Tell Me Three Things(76)



I laugh, because what I’m feeling is something so much bigger than relief.

“What? You didn’t expect to almost get into a fistfight?”

“No, no, I did not.”

“I can’t believe it’s you,” I say, letting out the breath I didn’t even realize I was holding. My phone beeps.



SN: are you disappointed?

Me: NO!!!

SN: can I come sit next to you?

Me: YES!!!



Ethan switches sides of the booth, and now his thigh is up against mine. I can smell his Ethan smell. I bet he tastes like coffee.

“Hello,” he says, and reaches up and tucks my hair behind my ears.

“Hello,” I say.



After we’ve talked for a while, it’s like all those other times I’ve hung out with Ethan but also totally different, because we’re not working on a project, we’re just together because we want to be, and I now know him, like really know him, because we’ve spent the last two months talking with our fingertips.

“Why?” I ask. He closes the gap, puts his hand in mine. We are holding hands. Ethan and I are holding hands. I am not sure I ever want to give his back.

“Why what?”

“Why did you email me that first day?”

“Since my brother…I feel like I’ve forgotten how to, like, how to talk to people. My dad made me go to this therapist, and she said that it might help to start writing instead. And when I saw you on the first day of school, there was just something about you that made me really want to meet you. You seemed lost in a way that I totally get. I decided to email. It felt safer to be undercover.” He shakes his head, as if to say Yes, I’m strange.

“Have you written to anyone else?” I ask.

“I mean, a few times here and there. I like to watch people. I’ve told some kids stuff in the nicest way possible. I told Ken Abernathy that Gem was cheating off him in calculus. With you, it was different. Ours was a two-month-long conversation.”

“So what you’re saying is you’re kind of like Wood Valley’s Batman.”

He grins. Looks down.

“Not really. This is my brother’s shirt. It’s silly, but whatever.”

“I like being able to ask you questions and you answering them.”

“I like you asking me questions.”

“Tell me three things,” I say, because I love our three things. I don’t want them to stop even though we can now say them out loud.
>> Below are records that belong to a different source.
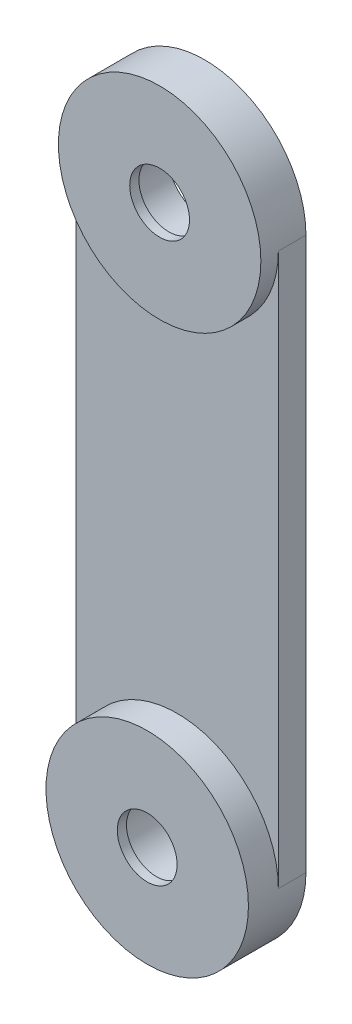
SolidWorks part; units mm, degrees
ref_plane "Plano frontal" through (0, 0, 0) normal (0, 0, 1) x (1, 0, 0)
ref_plane "Plano superior" through (0, 0, 0) normal (0, 1, 0) x (1, 0, 0)
ref_plane "Plano direito" through (0, 0, 0) normal (1, 0, 0) x (0, 0, -1)
sketch "Esboço1" plane through (0, 0, 0) normal (0, 0, 1) x (1, 0, 0)
  circle A3 centre (13.3842, -8.4275) radius 11 construction
  circle A5 centre (13.3842, -8.4275) radius 11
extrude "Ressalto-extrusão1" add sketch "Esboço1" against normal offset from surface (1.9 mm away) 2 offset beyond the face yes
sketch "Esboço3" plane through (0, 0, -1.9) normal (0, 0, -1) x (-1, 0, 0)
  line L0 (-24.3842, -8.4275) -> (-24.3842, -68.4275)
  line L1 (-2.3842, -8.4275) -> (-2.3842, -68.4275)
  arc A0 (-24.3842, -68.4275) -> (-2.3842, -68.4275) centre (-13.3842, -68.4275) ccw
  arc A7 (-2.3842, -8.4275) -> (-24.3842, -8.4275) centre (-13.3842, -8.4275) ccw
  circle A8 centre (-13.3842, -8.4275) radius 11 construction
  dimension "D1" = 60
extrude "Ressalto-extrusão3" add sketch "Esboço3" along normal blind 3
sketch "Esboço4" plane through (0, 0, -4.9) normal (0, 0, -1) x (-1, 0, 0)
  circle A0 centre (-13.3842, -8.4275) radius 3.25 construction
  circle A1 centre (-13.3842, -8.4275) radius 3.25
extrude "Corte-extrusão2" cut sketch "Esboço4" against normal through all
sketch "Esboço5" plane through (0, 0, -4.9) normal (0, 0, -1) x (-1, 0, 0)
  circle A0 centre (-13.3842, -8.4275) radius 4 construction
  circle A1 centre (-13.3842, -8.4275) radius 4
extrude "Corte-extrusão5" cut sketch "Esboço5" against normal offset from surface (3.9 mm away) 1 up to face at (10.1342, -8.4275, 0)
sketch "Esboço6" plane through (0, 0, -1.9) normal (0, 0, 1) x (1, 0, 0)
  circle A0 centre (13.3842, -68.4275) radius 11
  arc A1 (2.3842, -68.4275) -> (24.3842, -68.4275) centre (13.3842, -68.4275) ccw construction
extrude "Ressalto-extrusão4" add sketch "Esboço6" along normal offset from surface (3.25 mm away) 1 offset beyond the face yes
sketch "Esboço7" plane through (0, 0, -4.9) normal (0, 0, -1) x (-1, 0, 0)
  circle A0 centre (-13.3842, -68.4275) radius 4 construction
  circle A1 centre (-13.3842, -68.4275) radius 4
extrude "Corte-extrusão6" cut sketch "Esboço7" against normal offset from surface (5.25 mm away) 1 up to face at (13.3842, -79.4275, 1.35)
sketch "Esboço8" plane through (0, 0, -4.9) normal (0, 0, -1) x (-1, 0, 0)
  circle A0 centre (-13.3842, -68.4275) radius 3.25 construction
  circle A1 centre (-13.3842, -68.4275) radius 3.25
extrude "Corte-extrusão7" cut sketch "Esboço8" against normal through all
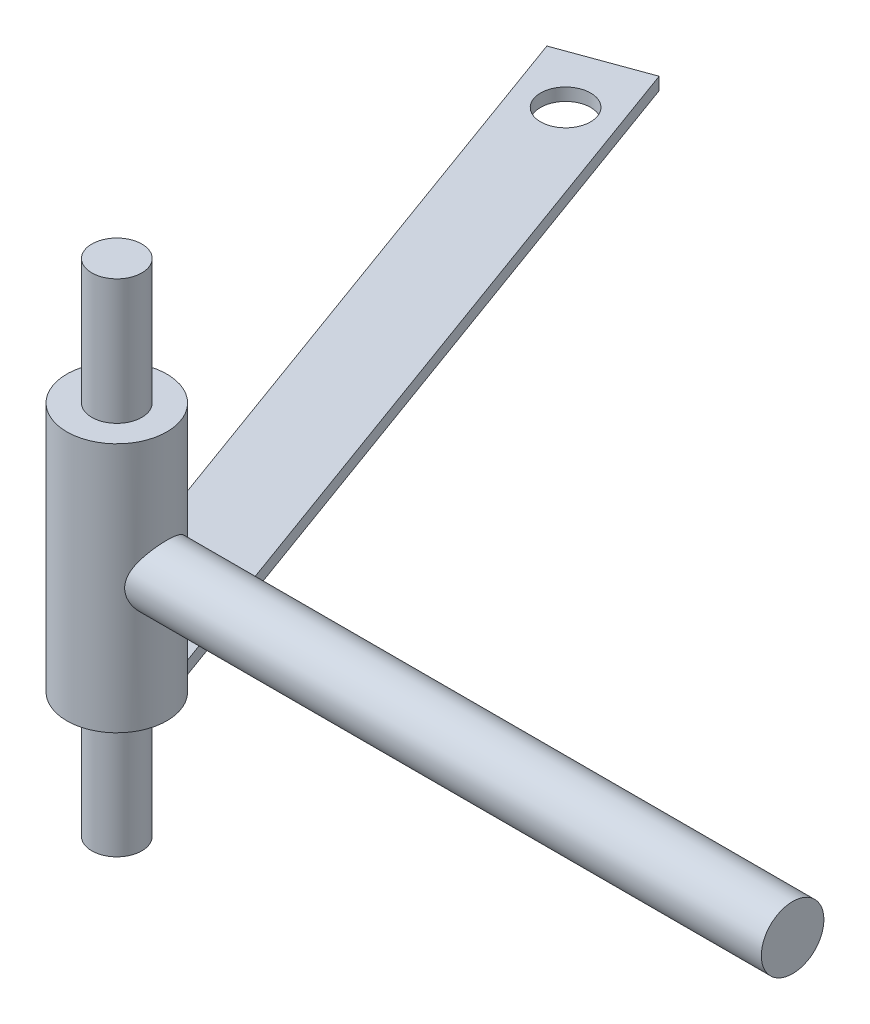
SolidWorks part; units mm, degrees
ref_plane "Front Plane" through (0, 0, 0) normal (0, 0, 1) x (1, 0, 0)
ref_plane "Top Plane" through (0, 0, 0) normal (0, 1, 0) x (1, 0, 0)
ref_plane "Right Plane" through (0, 0, 0) normal (1, 0, 0) x (0, 0, -1)
sketch "Sketch1" plane through (0, 0, 0) normal (0, 1, 0) x (1, 0, 0)
  circle A0 centre (0, 0) radius 4
  dimension "D1" = 8
extrude "Boss-Extrude1" add sketch "Sketch1" along normal mid plane 80
ref_axis "Axis2" through (0, 40, 0) along (0, -1, 0)
ref_plane "Plane1" through (0, 0, 0) normal (0.342, 0, 0.9397) x (0, -1, 0)
sketch "Sketch3" plane through (0, 0, 0) normal (0, 1, 0) x (1, 0, 0)
  circle A0 centre (0, 0) radius 8
  dimension "D1" = 16
extrude "Boss-Extrude2" add sketch "Sketch3" along normal mid plane 40
sketch "Sketch4" plane through (0, 0, 0) normal (1, 0, 0) x (0, 0, -1)
  circle A0 centre (0, 0) radius 5
  dimension "D1" = 10
extrude "Boss-Extrude3" add sketch "Sketch4" along normal blind 108
sketch "Sketch5" plane through (0, 0, 0) normal (0.342, 0, 0.9397) x (0.9397, 0, -0.342)
  line L0 (-8, -20) -> (8, -20) construction
  line L5 (-7, -16) -> (7, -16)
  line L6 (-7, -16) -> (-7, -18)
  line L7 (-7, -18) -> (7, -18)
  line L8 (7, -16) -> (7, -18)
  line L9 (-7, -16) -> (7, -18) construction
  line L10 (-7, -18) -> (7, -16) construction
  point P0 (0, -17)
  dimension "D1" = 14
  dimension "D2" = 2
  dimension "D3" = 2
extrude "Boss-Extrude4" add sketch "Sketch5" against normal blind 130
sketch "Sketch6" plane through (0, -16, 0) normal (0, 1, 0) x (1, 0, 0)
  line L1 (-37.8848, 124.5542) -> (-51.0405, 119.7659) construction
  line L2 (-51.0405, 119.7659) -> (-7.9025, 1.2453) construction
  circle A0 centre (-41.0424, 112.7631) radius 4
  dimension "D1" = 8
  dimension "D2" = 10
  dimension "D3" = 7
extrude "Cut-Extrude1" cut sketch "Sketch6" against normal up to next
ref_axis "Axis1" through (108, 0, 0) along (-1, 0, 0)
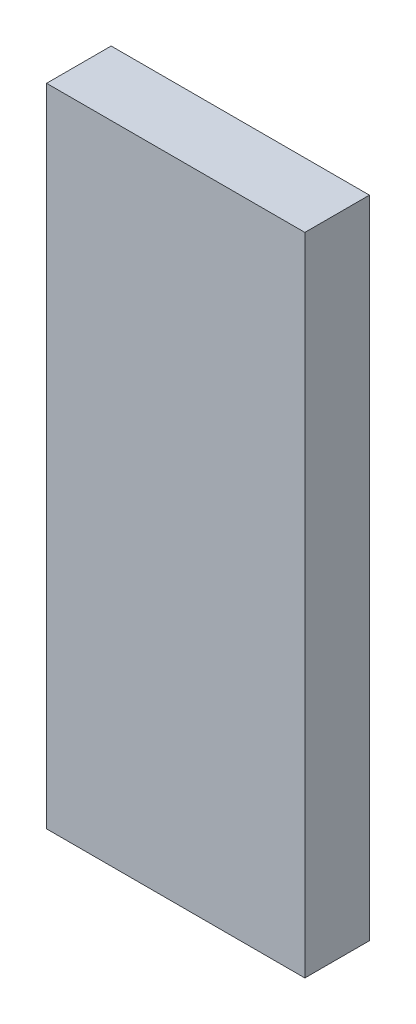
SolidWorks part; units mm, degrees
ref_plane "Front Plane" through (0, 0, 0) normal (0, 0, 1) x (1, 0, 0)
ref_plane "Top Plane" through (0, 0, 0) normal (0, 1, 0) x (1, 0, 0)
ref_plane "Right Plane" through (0, 0, 0) normal (1, 0, 0) x (0, 0, -1)
sketch "Sketch1" plane through (0, 0, 0) normal (0, 0, 1) x (1, 0, 0)
  line L1 (-100, 250) -> (100, 250)
  line L2 (-100, 250) -> (-100, -250)
  line L3 (-100, -250) -> (100, -250)
  line L4 (100, 250) -> (100, -250)
  line L5 (-100, 250) -> (100, -250) construction
  line L6 (-100, -250) -> (100, 250) construction
  point P0 (0, 0)
  dimension "D1" = 500
  dimension "D2" = 200
extrude "Boss-Extrude1" add sketch "Sketch1" along normal blind 50
sketch "Sketch2" plane through (0, 0, 0) normal (0, 0, -1) x (-1, 0, 0)
  line L0 (-77.8321, -160.6844) -> (-36, -160.6844)
  line L1 (-36, -250) -> (-36, 250) construction
  line L2 (90, -250) -> (90, 250) construction
  line L3 (27, -250) -> (27, 250) construction
  line L4 (-100, 250) -> (-100, -250)
  line L5 (-100, -250) -> (100, -250)
  line L6 (100, -250) -> (100, 250)
  line L7 (100, 250) -> (-100, 250)
  line L8 (-100, 250) -> (-100, -250)
  line L9 (-100, -250) -> (100, -250)
  line L10 (100, -250) -> (100, 250)
  line L11 (100, 250) -> (-100, 250)
  line L12 (-36, -160.6844) -> (-36, -170.0351)
  line L13 (-36, -170.0351) -> (-55.0167, -175.9408)
  line L14 (-55.0167, -175.9408) -> (-36, -175.9408)
  line L15 (-36, -175.9408) -> (-36, -185.2915)
  line L16 (-36, -185.2915) -> (-77.8321, -185.2915)
  line L17 (-77.8321, -185.2915) -> (-77.8321, -175.9408)
  line L18 (-77.8321, -175.9408) -> (-58.9923, -170.0351)
  line L19 (-58.9923, -170.0351) -> (-77.8321, -170.0351)
  line L20 (-77.8321, -170.0351) -> (-77.8321, -160.6844)
  line L21 (-62.5757, -130.6637) -> (-62.5757, -141.4908)
  line L22 (-62.5757, -141.4908) -> (-66.4359, -141.4908)
  line L23 (-67.0742, -145.428) -> (-46.5964, -145.428)
  line L24 (-47.0578, -140.9987) -> (-52.2407, -140.9987)
  line L25 (-52.2407, -140.9987) -> (-52.2407, -143.4594)
  line L26 (-52.2407, -143.4594) -> (-58.6385, -143.4594)
  line L27 (-58.6385, -143.4594) -> (-58.6385, -130.6637)
  line L28 (-58.6385, -130.6637) -> (-36, -130.6637)
  line L29 (-36, -130.6637) -> (-36, -137.3153)
  line L30 (-36, -137.3153) -> (-39.0144, -138.2919)
  line L31 (-50.3106, -156.2551) -> (-62.7987, -156.2551)
  line L32 (-64.3828, -130.6637) -> (-62.5757, -130.6637)
  line L33 (-77.8321, -101.6273) -> (-49.803, -101.6273)
  line L34 (-53.0173, -126.7266) -> (-77.8321, -126.7266)
  line L35 (-77.8321, -126.7266) -> (-77.8321, -115.8994)
  line L36 (-77.8321, -115.8994) -> (-46.2043, -115.8994)
  line L37 (-46.7502, -112.4545) -> (-77.8321, -112.4545)
  line L38 (-77.8321, -112.4545) -> (-77.8321, -101.6273)
  line L39 (-77.8321, -74.0674) -> (-51.1411, -81.9416)
  line L40 (-51.1411, -81.9416) -> (-36, -81.9416)
  line L41 (-36, -81.9416) -> (-36, -92.2766)
  line L42 (-36, -92.2766) -> (-51.1411, -92.2766)
  line L43 (-51.1411, -92.2766) -> (-77.8321, -100.1509)
  line L44 (-77.8321, -100.1509) -> (-77.8321, -90.4311)
  line L45 (-77.8321, -83.7872) -> (-77.8321, -74.0674)
  line L46 (-77.8321, -72.5909) -> (-77.8321, -53.8896)
  line L47 (-77.8321, -53.8896) -> (-69.4657, -53.8896)
  line L48 (-69.4657, -53.8896) -> (-69.4657, -61.7638)
  line L49 (-69.4657, -61.7638) -> (-61.5914, -61.7638)
  line L50 (-61.5914, -61.7638) -> (-61.5914, -54.3817)
  line L51 (-61.5914, -54.3817) -> (-53.7171, -54.3817)
  line L52 (-53.7171, -54.3817) -> (-53.7171, -61.7638)
  line L53 (-53.7171, -61.7638) -> (-44.3664, -61.7638)
  line L54 (-44.3664, -61.7638) -> (-44.3664, -53.3974)
  line L55 (-44.3664, -53.3974) -> (-36, -53.3974)
  line L56 (-36, -53.3974) -> (-36, -72.5909)
  line L57 (-36, -72.5909) -> (-77.8321, -72.5909)
  line L58 (-77.8321, -25.8375) -> (-36, -25.8375)
  line L59 (-36, -25.8375) -> (-36, -35.1882)
  line L60 (-36, -35.1882) -> (-55.0167, -41.0939)
  line L61 (-55.0167, -41.0939) -> (-36, -41.0939)
  line L62 (-36, -41.0939) -> (-36, -50.4446)
  line L63 (-36, -50.4446) -> (-77.8321, -50.4446)
  line L64 (-77.8321, -50.4446) -> (-77.8321, -41.0939)
  line L65 (-77.8321, -41.0939) -> (-58.9923, -35.1882)
  line L66 (-58.9923, -35.1882) -> (-77.8321, -35.1882)
  line L67 (-77.8321, -35.1882) -> (-77.8321, -25.8375)
  line L68 (-77.8321, -12.0575) -> (-77.8321, -0.9612)
  line L69 (-49.8799, 13.5339) -> (-45.9505, 13.5339)
  line L70 (-36, 0.6613) -> (-36, -12.0575)
  line L71 (-36, -12.0575) -> (-77.8321, -12.0575)
  line L72 (-70.9421, -1.2304) -> (-61.5914, -1.2304)
  line L73 (-55.1935, -1.2304) -> (-42.89, -1.2304)
  line L74 (-46.9886, 2.7068) -> (-51.0949, 2.7068)
  line L75 (-77.8321, 36.0494) -> (-36, 42.5703)
  line L76 (-36, 42.5703) -> (-36, 31.3741)
  line L77 (-36, 31.3741) -> (-43.3821, 30.7512)
  line L78 (-43.3821, 30.7512) -> (-43.3821, 26.3604)
  line L79 (-43.3821, 26.3604) -> (-36, 25.7144)
  line L80 (-36, 25.7144) -> (-36, 14.5182)
  line L81 (-36, 14.5182) -> (-77.8321, 20.0548)
  line L82 (-77.8321, 20.0548) -> (-77.8321, 36.0494)
  line L83 (-50.7643, 26.3757) -> (-50.7643, 30.2437)
  line L84 (-53.3172, 44.5389) -> (-60.5148, 44.5389)
  line L85 (-60.5148, 69.6381) -> (-53.3172, 69.6381)
  line L86 (-67.2895, 55.366) -> (-47.3654, 55.366)
  line L87 (-47.6807, 58.811) -> (-67.2895, 58.811)
  line L88 (-77.8321, 93.7531) -> (-44.3664, 93.7531)
  line L89 (-44.3664, 93.7531) -> (-44.3664, 100.643)
  line L90 (-44.3664, 100.643) -> (-36, 100.643)
  line L91 (-36, 100.643) -> (-36, 82.9259)
  line L92 (-36, 82.9259) -> (-77.8321, 82.9259)
  line L93 (-77.8321, 82.9259) -> (-77.8321, 93.7531)
  line L94 (-53.3172, 103.1038) -> (-60.5148, 103.1038)
  line L95 (-60.5148, 128.203) -> (-53.3172, 128.203)
  line L96 (-67.2895, 113.9309) -> (-47.3654, 113.9309)
  line L97 (-47.6807, 117.3759) -> (-67.2895, 117.3759)
  line L98 (-77.8321, 156.7472) -> (-36, 156.7472)
  line L99 (-36, 156.7472) -> (-36, 147.3965)
  line L100 (-36, 147.3965) -> (-55.0167, 141.4908)
  line L101 (-55.0167, 141.4908) -> (-36, 141.4908)
  line L102 (-36, 141.4908) -> (-36, 132.1401)
  line L103 (-36, 132.1401) -> (-77.8321, 132.1401)
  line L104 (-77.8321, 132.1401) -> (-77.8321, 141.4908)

“One: contrary to popular belief, I do not do drugs. Terrified of them. Won’t even take Tylenol. Two: I memorized the first part of ‘The Waste Land’ just to impress you. Normally, I play Xbox in the middle of the night or read when I can’t sleep, but I thought it would make me seem, I don’t know, cooler or something.”

“It worked. It was totally dreamy.” My voice is smiling. I didn’t even know it could do that.

“Three: my mom’s in rehab as of yesterday. I am not naive enough to be optimistic—we’ve been to this rodeo a few times—but at least it’s something.”

“I—I don’t know what to say. If we were writing, I’d probably emoticon you.” I squeeze his hand, another way to talk. No wonder Ethan can’t sleep; his family life is even more screwed up than mine.

“Your turn. Three things…”

“Okay. One: I was really hoping it was you. I was sure it was, and then I was sure it wasn’t, and for that second, I thought you were Liam and I wanted to cry.”

“Liam’s not so bad. I need to be nicer to him. Especially now. Oh man, he’s going to break my legs.” Ethan smiles. He’s not scared of Liam at all.

“No he won’t. He’ll go back to Gem, and they can be prom king and queen or whatever, assuming you even do that here, and it will be fine. It’s too bad, though, because I so want to set him up with Dri.”

“By the way, how right was I that you and Dri would be friends?”

“You were right. You were right about a lot of things.”

“Two…”

“Two…” I stall. What do I want to say? That for the first time in as long as I can remember, I feel like I’m exactly where I want to be. That I’m happy to sit still. Right here. With him.

“Two, thank you for being my first friend here at a time when I had no one. It really…made a difference.”

Now it’s his turn to squeeze my hand, and it feels so good, I almost close my eyes.

“Three? I don’t have a three. My head is still spinning.”

“I have one.”

“Go for it.”

“Three: I want to kiss you, like, very much, please.”

“You do?” I ask.

“I do,” he says, and so I turn toward him, and he turns toward me, and even though we are in this random IHOP and our table is full of the bizarre array of uneaten foods Ethan has ordered to allow us to keep our table for the past three hours—pancakes, of course, but also pickles and apple pie—everything falls away.

It is just him and me, Ethan is Ethan is Ethan and Jessie is Jessie is Jessie, and his lips touch mine.

But sometimes a kiss is not a kiss is not a kiss. Sometimes it’s poetry.